Personal information
- Full name: Russell John Rowe
- Born: 14 May 1975 (age 51) Salisbury, Wiltshire, England
- Batting: Right-handed
- Bowling: Right-hand off break

Domestic team information
- 1994–2005: Wiltshire

Career statistics
| Competition | LA |
| Matches | 8 |
| Runs scored | 181 |
| Batting average | 25.85 |
| 100s/50s | –/– |
| Top score | 47 |
| Balls bowled | – |
| Wickets | – |
| Bowling average | – |
| 5 wickets in innings | – |
| 10 wickets in match | – |
| Best bowling | – |
| Catches/stumpings | 2/– |
- Source: Cricinfo, 10 October 2010

= Russell Rowe (cricketer) =

English cricketer (born 1975)

Russell John Rowe (born 14 May 1975) is a former English cricketer. Rowe was a right-handed batsman who bowled right-arm off break. He was born at Salisbury, Wiltshire.

Rowe made his Minor Counties Championship debut for Wiltshire in 1994 against Cheshire. From 1994 to 2005, he represented the county in 50 Minor Counties Championship matches, the last of which came against Devon. Rowe also represented Wiltshire in the MCCA Knockout Trophy. His debut in that competition came against Herefordshire in 1999. From 1999 to 2005, he represented the county in 21 Trophy matches, the last of which came against Norfolk.
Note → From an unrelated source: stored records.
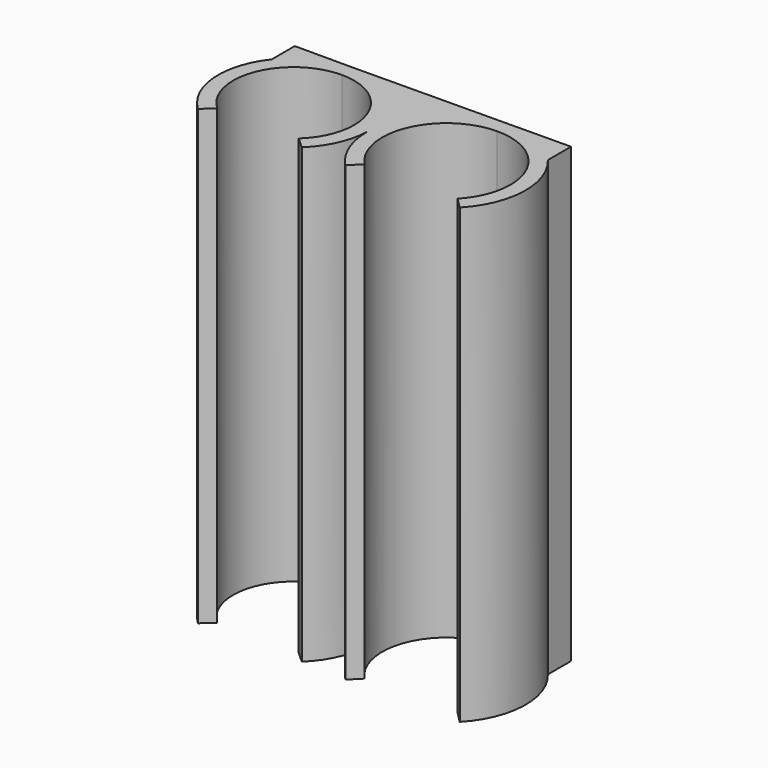
from build123d import *

# Parameters (mm, degrees)
F1_DEPTH    = 30
F2_T1_DEPTH = 30


# Not quite as in the source:
# - a fillet or chamfer that OpenCascade refuses, or shapes differently, is made with other operations: its cross-section is extruded or revolved along the edge and cut away or added
# - ends of sketch curves that miss each other by under 0.0002 mm in the source are joined
# - a feature names something its author has since deleted; it is built from what else it names


with BuildPart() as f1:
    # F0 (on Top) → F1 (new body)
    with BuildSketch(Plane.XY):
        with BuildLine():
            ThreePointArc((0.0090084839, 3.9999898559), (3.7308371777, 1.442516535), (2.6975556514, -2.9535052916))
            Line((2.6975556514, -2.9535052916), (3.4413844377, -3.6272404321))
            ThreePointArc((3.4413844377, -3.6272404321), (4.562894469, -2.0445033784), (4.9976265844, -0.1540406522))
            ThreePointArc((4.9976265844, -0.1540406522), (4.9982482299, -0.0770116198), (5, 0))
            ThreePointArc((5, 0), (4.4620948533, 2.2560384571), (2.964116192, 4.0266630354))
            Line((2.964116192, 4.0266630354), (0.0090084839, 3.9999898559))
        make_face()
        with BuildLine():
            ThreePointArc((-2.6975556514, -2.9535052916), (-3.7275789944, 1.4509151734), (0.0090084839, 3.9999898559))
            Line((0.0090084839, 3.9999898559), (2.964116192, 4.0266630354))
            ThreePointArc((2.964116192, 4.0266630354), (1.5599174374, 4.7504376207), (0, 5))
            ThreePointArc((0, 5), (-2.1802578035, 4.4996084175), (-3.9241225459, 3.0985903642))
            ThreePointArc((-3.9241225459, 3.0985903642), (-4.9871708669, -0.3579479625), (-3.4413844377, -3.6272404321))
            Line((-3.4413844377, -3.6272404321), (-2.6975556514, -2.9535052916))
        make_face()
        with BuildLine():
            ThreePointArc((0, 5), (1.5599174374, 4.7504376207), (2.964116192, 4.0266630354))
            Line((2.964116192, 4.0266630354), (7.1272566982, 4.0641686172))
            ThreePointArc((7.1272566982, 4.0641686172), (8.5825190892, 4.8210552933), (10.200330031, 5.0918944033))
            Line((10.200330031, 5.0918944033), (0, 5))
        make_face()
        with BuildLine():
            ThreePointArc((5, 0), (4.9982482299, -0.0770116198), (4.9976265844, -0.1540406522))
            ThreePointArc((4.9976265844, -0.1540406522), (4.9994066109, -0.0770294678), (5, 0))
        make_face()
        with BuildLine():
            ThreePointArc((5, 0), (4.9994066109, -0.0770294678), (4.9976265844, -0.1540406522))
            ThreePointArc((4.9976265844, -0.1540406522), (5.3752392401, -2.1129770441), (6.4564240892, -3.7895993711))
            Line((6.4564240892, -3.7895993711), (7.1655909773, -3.0842495499))
            ThreePointArc((7.1655909773, -3.0842495499), (6.3350165087, 1.5016234688), (10.2093385862, 4.0919349811))
            Line((10.2093385862, 4.0919349811), (7.1272566982, 4.0641686172))
            ThreePointArc((7.1272566982, 4.0641686172), (5.5962602055, 2.2767129418), (5, 0))
        make_face()
        with BuildLine():
            ThreePointArc((-3.9241225459, 3.0985903642), (-2.1802578035, 4.4996084175), (0, 5))
            Line((0, 5), (-3.9241225459, 5))
            Line((-3.9241225459, 5), (-3.9241225459, 3.0985903642))
        make_face()
        with BuildLine():
            ThreePointArc((10.200330031, 5.0918944033), (8.5825190892, 4.8210552933), (7.1272566982, 4.0641686172))
            Line((7.1272566982, 4.0641686172), (10.2093385862, 4.0919349811))
            Line((10.2093385862, 4.0919349811), (13.2914205601, 4.1197013458))
            ThreePointArc((13.2914205601, 4.1197013458), (11.8227579499, 4.8502464877), (10.200330031, 5.0918944033))
        make_face()
        with BuildLine():
            Line((14.2744146958, 5.1285976842), (10.200330031, 5.0918944033))
            ThreePointArc((10.200330031, 5.0918944033), (11.8227579499, 4.8502464877), (13.2914205601, 4.1197013458))
            ThreePointArc((13.2914205601, 4.1197013458), (13.8120129481, 3.6966683449), (14.2744146958, 3.2107074637))
            Line((14.2744146958, 3.2107074637), (14.2744146958, 5.1285976842))
        make_face()
        with BuildLine():
            Line((13.2914205601, 4.1197013458), (10.2093385862, 4.0919349811))
            ThreePointArc((10.2093385862, 4.0919349811), (14.145125137, 1.5368032872), (13.3296593654, -3.0842495499))
            Line((13.3296593654, -3.0842495499), (14.0388262535, -3.7895993711))
            ThreePointArc((14.0388262535, -3.7895993711), (15.4946546383, -0.3344761776), (14.2744146958, 3.2107074637))
            ThreePointArc((14.2744146958, 3.2107074637), (13.8120129481, 3.6966683449), (13.2914205601, 4.1197013458))
        make_face()
        with BuildLine():
            Line((7.1272566982, 4.0641686172), (2.964116192, 4.0266630354))
            ThreePointArc((2.964116192, 4.0266630354), (4.4620948533, 2.2560384571), (5, 0))
            ThreePointArc((5, 0), (5.5962602055, 2.2767129418), (7.1272566982, 4.0641686172))
        make_face()
    extrude(amount=F1_DEPTH)

    # F2: fillet of radius 1 on 1 edges, made by hand

    # F2_s2 → F2_t1 (join)
    with BuildSketch(Plane.XY):
        with BuildLine():
            ThreePointArc((0.0045042077, 5.0000405782), (-4.57e-08, 5.0000101446), (-0.0045043905, 5))
            Line((-0.0045043905, 5), (0, 5))
            Line((0, 5), (0.0045042077, 5.0000405782))
        make_face()
    extrude(amount=F2_T1_DEPTH)


solid = f1.part

Rowe also represented Wiltshire in List-A cricket. His debut List-A match came against the Northamptonshire Cricket Board in the 1999 NatWest Trophy. From 1999 to 2005, he represented the county in 8 List-A matches, the last of which came against Kent in the 2005 Cheltenham & Gloucester Trophy which was played in 2001. In his 8 List-A matches, he scored 181 runs at a batting average of 25.85, with a high score of 47. In the field he took 2 catches.